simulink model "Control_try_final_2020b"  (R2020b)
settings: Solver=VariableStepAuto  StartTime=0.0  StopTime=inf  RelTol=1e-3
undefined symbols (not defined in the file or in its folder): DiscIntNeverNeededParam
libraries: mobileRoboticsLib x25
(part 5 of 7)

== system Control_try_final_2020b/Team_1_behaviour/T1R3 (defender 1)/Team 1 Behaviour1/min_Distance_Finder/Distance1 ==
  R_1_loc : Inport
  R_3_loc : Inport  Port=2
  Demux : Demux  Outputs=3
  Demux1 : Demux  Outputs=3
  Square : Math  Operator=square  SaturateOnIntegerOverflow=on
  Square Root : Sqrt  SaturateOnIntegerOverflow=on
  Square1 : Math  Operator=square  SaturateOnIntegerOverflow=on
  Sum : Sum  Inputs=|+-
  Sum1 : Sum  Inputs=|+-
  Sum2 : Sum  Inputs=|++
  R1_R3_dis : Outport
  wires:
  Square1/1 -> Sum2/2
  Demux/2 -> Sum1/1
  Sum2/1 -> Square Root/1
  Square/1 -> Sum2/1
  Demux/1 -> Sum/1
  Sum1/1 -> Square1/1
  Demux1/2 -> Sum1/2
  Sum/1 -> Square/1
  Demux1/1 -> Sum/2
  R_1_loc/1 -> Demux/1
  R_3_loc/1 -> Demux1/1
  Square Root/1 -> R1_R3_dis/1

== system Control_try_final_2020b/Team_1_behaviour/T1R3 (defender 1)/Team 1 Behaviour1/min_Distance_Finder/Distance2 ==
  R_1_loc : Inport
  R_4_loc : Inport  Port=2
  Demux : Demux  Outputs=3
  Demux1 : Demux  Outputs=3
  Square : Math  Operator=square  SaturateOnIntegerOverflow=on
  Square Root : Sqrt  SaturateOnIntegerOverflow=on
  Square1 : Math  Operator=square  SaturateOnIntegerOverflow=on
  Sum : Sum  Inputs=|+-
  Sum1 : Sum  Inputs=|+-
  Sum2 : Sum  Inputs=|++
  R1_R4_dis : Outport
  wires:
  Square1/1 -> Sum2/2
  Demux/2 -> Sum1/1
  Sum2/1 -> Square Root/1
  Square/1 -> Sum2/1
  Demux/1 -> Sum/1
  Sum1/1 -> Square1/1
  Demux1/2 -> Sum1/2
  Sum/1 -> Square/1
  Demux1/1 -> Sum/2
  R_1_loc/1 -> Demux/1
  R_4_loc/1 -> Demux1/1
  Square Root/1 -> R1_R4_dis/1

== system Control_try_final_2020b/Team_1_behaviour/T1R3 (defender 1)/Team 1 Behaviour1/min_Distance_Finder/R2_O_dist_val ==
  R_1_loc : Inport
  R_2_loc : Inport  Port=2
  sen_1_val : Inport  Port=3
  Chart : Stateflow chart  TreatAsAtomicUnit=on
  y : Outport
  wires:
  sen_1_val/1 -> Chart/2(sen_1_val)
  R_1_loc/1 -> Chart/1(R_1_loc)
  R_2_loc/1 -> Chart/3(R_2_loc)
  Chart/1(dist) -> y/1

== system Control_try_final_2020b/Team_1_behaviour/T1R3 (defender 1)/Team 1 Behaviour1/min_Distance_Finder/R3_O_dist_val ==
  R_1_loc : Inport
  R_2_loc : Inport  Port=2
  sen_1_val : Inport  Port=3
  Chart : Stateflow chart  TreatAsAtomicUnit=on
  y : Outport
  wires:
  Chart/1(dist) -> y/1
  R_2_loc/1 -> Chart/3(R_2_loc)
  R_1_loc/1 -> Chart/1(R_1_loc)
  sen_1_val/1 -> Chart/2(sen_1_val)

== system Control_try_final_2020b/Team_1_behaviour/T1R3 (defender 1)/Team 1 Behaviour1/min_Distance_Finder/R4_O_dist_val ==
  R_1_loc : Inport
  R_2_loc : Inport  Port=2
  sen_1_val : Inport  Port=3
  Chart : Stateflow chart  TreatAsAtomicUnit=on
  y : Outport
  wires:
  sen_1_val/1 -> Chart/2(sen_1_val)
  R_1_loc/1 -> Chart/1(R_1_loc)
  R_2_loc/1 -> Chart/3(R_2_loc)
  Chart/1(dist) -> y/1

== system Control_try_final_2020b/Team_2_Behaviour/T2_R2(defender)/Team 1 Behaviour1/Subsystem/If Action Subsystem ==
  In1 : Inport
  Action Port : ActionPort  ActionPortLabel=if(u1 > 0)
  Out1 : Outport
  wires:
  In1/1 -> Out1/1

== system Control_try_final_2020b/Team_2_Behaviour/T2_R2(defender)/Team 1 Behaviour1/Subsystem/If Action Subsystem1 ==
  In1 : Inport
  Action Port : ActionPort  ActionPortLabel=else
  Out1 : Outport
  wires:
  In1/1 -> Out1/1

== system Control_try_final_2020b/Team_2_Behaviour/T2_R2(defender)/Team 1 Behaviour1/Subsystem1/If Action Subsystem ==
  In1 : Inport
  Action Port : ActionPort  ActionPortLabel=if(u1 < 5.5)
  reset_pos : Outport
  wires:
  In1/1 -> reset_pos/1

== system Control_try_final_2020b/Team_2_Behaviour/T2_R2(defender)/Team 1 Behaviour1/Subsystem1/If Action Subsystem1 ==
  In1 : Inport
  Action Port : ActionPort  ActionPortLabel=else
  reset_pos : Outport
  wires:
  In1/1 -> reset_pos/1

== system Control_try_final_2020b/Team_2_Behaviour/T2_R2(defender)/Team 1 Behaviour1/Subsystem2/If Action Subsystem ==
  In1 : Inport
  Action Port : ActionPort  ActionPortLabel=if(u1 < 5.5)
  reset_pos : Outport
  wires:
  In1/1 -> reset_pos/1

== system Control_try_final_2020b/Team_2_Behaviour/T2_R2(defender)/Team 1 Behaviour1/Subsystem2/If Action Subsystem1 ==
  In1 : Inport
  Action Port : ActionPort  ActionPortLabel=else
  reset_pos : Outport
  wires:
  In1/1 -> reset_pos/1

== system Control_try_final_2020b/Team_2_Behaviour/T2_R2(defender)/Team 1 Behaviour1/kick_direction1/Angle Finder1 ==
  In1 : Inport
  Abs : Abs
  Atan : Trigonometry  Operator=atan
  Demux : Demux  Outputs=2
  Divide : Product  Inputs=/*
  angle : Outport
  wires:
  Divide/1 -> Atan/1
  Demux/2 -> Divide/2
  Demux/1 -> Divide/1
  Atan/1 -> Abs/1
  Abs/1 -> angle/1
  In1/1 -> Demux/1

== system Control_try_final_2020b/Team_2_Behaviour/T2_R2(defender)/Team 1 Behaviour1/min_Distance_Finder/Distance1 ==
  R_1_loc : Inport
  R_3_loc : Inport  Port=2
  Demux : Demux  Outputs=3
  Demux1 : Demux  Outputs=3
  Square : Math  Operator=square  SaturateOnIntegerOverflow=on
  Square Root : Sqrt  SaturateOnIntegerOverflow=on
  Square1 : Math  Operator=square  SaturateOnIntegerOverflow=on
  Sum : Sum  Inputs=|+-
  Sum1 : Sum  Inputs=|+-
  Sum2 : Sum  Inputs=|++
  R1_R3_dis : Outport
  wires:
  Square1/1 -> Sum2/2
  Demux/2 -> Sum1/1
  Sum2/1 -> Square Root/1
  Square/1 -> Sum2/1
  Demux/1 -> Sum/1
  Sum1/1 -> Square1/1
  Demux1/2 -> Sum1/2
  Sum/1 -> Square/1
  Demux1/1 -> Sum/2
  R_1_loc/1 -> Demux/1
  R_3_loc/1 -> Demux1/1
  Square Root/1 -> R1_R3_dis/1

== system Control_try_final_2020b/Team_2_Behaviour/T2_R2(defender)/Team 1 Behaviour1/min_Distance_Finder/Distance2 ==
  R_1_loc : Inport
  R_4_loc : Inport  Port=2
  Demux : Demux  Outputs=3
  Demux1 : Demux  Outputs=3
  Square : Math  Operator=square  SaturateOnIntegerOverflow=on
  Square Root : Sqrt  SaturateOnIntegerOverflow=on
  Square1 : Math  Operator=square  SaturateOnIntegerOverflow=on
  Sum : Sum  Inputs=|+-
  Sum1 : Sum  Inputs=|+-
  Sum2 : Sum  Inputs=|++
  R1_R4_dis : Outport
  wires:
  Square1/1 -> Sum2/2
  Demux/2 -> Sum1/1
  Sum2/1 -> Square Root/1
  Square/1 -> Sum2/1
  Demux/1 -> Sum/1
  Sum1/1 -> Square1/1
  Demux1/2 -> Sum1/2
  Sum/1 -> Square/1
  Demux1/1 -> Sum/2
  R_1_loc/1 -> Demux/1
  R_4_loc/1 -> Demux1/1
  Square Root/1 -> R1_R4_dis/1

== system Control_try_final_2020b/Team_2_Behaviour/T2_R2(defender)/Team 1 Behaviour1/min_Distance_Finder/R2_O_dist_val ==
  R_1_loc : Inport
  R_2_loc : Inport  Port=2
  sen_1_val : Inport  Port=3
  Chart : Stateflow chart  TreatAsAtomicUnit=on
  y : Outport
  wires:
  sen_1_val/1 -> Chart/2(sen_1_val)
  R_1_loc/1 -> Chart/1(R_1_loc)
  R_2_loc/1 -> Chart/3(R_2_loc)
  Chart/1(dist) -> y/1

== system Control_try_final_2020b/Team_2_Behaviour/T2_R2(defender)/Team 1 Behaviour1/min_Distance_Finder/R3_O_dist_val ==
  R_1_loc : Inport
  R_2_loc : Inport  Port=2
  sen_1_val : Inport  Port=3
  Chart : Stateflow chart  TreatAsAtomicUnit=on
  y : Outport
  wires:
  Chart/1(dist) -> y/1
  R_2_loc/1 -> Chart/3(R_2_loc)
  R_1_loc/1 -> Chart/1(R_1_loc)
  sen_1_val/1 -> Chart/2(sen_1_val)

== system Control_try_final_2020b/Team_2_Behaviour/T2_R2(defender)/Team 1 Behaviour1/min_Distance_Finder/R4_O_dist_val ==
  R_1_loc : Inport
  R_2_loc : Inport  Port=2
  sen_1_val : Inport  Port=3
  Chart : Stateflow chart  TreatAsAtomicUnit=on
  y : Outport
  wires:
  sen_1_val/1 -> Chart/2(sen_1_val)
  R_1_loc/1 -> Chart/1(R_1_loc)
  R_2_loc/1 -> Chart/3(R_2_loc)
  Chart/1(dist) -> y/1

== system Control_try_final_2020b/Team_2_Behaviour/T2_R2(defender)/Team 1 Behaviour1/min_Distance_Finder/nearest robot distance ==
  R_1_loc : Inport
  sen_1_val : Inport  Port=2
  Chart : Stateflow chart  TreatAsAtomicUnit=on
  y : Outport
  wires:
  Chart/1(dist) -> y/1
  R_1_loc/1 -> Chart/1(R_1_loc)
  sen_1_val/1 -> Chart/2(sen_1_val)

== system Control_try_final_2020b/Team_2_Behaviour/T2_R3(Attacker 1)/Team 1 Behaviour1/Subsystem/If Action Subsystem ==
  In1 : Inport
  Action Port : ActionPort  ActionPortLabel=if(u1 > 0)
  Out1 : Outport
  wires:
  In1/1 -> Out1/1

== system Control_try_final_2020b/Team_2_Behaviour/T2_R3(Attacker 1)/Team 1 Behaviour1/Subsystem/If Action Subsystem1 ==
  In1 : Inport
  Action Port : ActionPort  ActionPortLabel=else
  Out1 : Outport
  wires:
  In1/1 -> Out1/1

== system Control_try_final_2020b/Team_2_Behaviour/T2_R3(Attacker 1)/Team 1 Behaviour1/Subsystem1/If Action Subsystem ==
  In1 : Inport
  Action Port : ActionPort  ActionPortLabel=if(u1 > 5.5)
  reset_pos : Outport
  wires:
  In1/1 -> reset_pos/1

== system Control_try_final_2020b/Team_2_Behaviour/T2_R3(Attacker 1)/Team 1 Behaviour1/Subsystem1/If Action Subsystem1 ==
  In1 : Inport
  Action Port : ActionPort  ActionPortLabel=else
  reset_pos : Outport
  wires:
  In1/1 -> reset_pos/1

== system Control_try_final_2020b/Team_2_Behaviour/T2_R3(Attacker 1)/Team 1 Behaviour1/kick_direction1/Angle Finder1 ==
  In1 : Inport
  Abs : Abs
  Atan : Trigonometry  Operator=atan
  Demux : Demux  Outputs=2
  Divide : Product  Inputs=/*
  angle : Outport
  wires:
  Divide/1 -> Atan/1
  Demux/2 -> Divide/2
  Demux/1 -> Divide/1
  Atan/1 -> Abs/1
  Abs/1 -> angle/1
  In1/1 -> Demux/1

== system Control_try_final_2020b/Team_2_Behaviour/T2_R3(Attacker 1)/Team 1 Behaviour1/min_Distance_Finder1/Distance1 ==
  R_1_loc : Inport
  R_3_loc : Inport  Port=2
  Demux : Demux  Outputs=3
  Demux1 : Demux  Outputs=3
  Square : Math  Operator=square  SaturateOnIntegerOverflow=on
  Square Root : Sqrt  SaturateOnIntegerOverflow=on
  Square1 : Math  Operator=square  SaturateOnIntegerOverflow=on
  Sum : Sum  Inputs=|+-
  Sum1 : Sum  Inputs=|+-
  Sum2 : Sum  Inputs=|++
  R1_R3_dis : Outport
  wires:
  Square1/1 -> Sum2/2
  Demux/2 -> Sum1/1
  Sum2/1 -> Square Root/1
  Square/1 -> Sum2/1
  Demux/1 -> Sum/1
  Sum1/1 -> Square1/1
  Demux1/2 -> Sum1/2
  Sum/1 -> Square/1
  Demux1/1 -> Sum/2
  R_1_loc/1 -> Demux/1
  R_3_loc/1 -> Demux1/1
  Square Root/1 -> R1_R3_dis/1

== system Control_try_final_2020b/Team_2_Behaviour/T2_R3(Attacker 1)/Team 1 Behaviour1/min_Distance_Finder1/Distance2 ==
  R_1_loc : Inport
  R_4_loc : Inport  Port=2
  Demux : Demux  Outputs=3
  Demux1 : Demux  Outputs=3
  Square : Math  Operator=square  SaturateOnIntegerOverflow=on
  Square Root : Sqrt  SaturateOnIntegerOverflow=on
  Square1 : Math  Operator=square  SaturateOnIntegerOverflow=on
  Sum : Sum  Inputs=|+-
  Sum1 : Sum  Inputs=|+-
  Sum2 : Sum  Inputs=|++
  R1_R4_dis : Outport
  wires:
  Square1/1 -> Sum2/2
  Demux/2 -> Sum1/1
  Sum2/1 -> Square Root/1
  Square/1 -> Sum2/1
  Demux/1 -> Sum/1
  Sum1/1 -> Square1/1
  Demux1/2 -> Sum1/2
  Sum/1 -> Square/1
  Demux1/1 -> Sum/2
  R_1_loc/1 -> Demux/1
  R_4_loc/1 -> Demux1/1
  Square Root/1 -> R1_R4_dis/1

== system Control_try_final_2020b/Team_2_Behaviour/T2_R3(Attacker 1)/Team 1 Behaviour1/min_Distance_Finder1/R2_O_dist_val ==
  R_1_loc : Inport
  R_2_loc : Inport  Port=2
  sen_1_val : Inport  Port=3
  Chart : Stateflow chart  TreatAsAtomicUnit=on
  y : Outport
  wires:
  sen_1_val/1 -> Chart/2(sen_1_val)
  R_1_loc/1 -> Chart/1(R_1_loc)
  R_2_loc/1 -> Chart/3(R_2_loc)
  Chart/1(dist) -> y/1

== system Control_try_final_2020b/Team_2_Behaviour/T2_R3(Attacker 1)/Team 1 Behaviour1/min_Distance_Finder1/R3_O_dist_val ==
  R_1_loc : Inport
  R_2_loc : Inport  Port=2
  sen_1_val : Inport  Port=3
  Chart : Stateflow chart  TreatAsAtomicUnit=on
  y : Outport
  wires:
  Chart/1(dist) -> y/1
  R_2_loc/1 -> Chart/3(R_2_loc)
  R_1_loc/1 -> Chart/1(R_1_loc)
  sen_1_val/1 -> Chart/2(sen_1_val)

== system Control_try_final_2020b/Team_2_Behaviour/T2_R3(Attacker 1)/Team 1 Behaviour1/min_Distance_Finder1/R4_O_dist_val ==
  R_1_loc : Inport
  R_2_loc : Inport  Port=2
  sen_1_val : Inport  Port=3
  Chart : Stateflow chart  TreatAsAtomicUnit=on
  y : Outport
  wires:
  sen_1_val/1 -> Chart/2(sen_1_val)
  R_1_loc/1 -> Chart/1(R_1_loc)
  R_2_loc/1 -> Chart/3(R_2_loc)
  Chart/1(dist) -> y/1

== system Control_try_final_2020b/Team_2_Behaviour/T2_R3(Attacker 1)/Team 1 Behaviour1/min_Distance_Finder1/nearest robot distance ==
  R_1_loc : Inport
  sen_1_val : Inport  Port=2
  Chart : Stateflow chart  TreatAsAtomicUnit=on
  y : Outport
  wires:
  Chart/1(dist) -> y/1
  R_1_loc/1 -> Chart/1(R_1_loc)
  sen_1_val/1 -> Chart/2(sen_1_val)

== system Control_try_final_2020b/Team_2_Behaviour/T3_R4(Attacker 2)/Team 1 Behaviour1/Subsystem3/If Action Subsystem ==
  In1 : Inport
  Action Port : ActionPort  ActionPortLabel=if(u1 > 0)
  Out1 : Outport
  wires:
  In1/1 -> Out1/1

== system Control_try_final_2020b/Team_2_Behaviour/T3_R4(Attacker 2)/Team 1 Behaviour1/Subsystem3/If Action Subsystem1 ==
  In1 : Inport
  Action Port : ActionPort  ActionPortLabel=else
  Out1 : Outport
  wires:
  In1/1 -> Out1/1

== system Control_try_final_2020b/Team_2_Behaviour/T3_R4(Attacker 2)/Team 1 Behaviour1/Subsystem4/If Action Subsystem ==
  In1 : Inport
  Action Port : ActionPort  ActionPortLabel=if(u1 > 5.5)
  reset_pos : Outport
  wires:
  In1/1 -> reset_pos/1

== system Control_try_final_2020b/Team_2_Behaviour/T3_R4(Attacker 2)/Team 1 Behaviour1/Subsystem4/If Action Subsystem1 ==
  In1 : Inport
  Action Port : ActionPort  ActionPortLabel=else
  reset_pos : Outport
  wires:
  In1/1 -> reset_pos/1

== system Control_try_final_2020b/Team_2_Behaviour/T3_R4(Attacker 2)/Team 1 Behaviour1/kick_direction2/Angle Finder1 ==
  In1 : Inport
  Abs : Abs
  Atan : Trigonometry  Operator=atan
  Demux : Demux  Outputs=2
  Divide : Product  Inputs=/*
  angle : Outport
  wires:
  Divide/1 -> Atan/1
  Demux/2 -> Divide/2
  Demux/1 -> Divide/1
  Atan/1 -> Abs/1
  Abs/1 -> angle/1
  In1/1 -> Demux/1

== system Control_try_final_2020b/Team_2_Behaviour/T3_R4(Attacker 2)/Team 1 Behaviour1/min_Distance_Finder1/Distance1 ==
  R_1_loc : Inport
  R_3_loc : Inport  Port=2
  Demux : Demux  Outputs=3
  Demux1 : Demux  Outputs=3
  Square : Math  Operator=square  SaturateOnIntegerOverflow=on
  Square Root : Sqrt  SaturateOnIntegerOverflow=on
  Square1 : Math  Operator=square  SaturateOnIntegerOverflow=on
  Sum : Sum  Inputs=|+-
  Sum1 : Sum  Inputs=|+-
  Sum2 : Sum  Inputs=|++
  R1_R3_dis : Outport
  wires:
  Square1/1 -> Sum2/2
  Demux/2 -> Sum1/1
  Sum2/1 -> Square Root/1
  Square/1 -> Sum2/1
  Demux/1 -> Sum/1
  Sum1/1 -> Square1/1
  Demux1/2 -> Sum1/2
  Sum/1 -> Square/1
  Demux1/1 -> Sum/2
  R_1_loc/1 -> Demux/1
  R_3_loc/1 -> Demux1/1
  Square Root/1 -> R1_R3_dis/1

-- -- --

Task details —
Reproduce word for word only the first line of the listing above and each line after it through the line with "1)/Team 1 Behaviour1/min_Distance_Finder/Distance2".

Written response —
simulink model "Control_try_final_2020b"  (R2020b)
settings: Solver=VariableStepAuto  StartTime=0.0  StopTime=inf  RelTol=1e-3
undefined symbols (not defined in the file or in its folder): DiscIntNeverNeededParam
libraries: mobileRoboticsLib x25
(part 5 of 7)

== system Control_try_final_2020b/Team_1_behaviour/T1R3 (defender 1)/Team 1 Behaviour1/min_Distance_Finder/Distance1 ==
  R_1_loc : Inport
  R_3_loc : Inport  Port=2
  Demux : Demux  Outputs=3
  Demux1 : Demux  Outputs=3
  Square : Math  Operator=square  SaturateOnIntegerOverflow=on
  Square Root : Sqrt  SaturateOnIntegerOverflow=on
  Square1 : Math  Operator=square  SaturateOnIntegerOverflow=on
  Sum : Sum  Inputs=|+-
  Sum1 : Sum  Inputs=|+-
  Sum2 : Sum  Inputs=|++
  R1_R3_dis : Outport
  wires:
  Square1/1 -> Sum2/2
  Demux/2 -> Sum1/1
  Sum2/1 -> Square Root/1
  Square/1 -> Sum2/1
  Demux/1 -> Sum/1
  Sum1/1 -> Square1/1
  Demux1/2 -> Sum1/2
  Sum/1 -> Square/1
  Demux1/1 -> Sum/2
  R_1_loc/1 -> Demux/1
  R_3_loc/1 -> Demux1/1
  Square Root/1 -> R1_R3_dis/1

== system Control_try_final_2020b/Team_1_behaviour/T1R3 (defender 1)/Team 1 Behaviour1/min_Distance_Finder/Distance2 ==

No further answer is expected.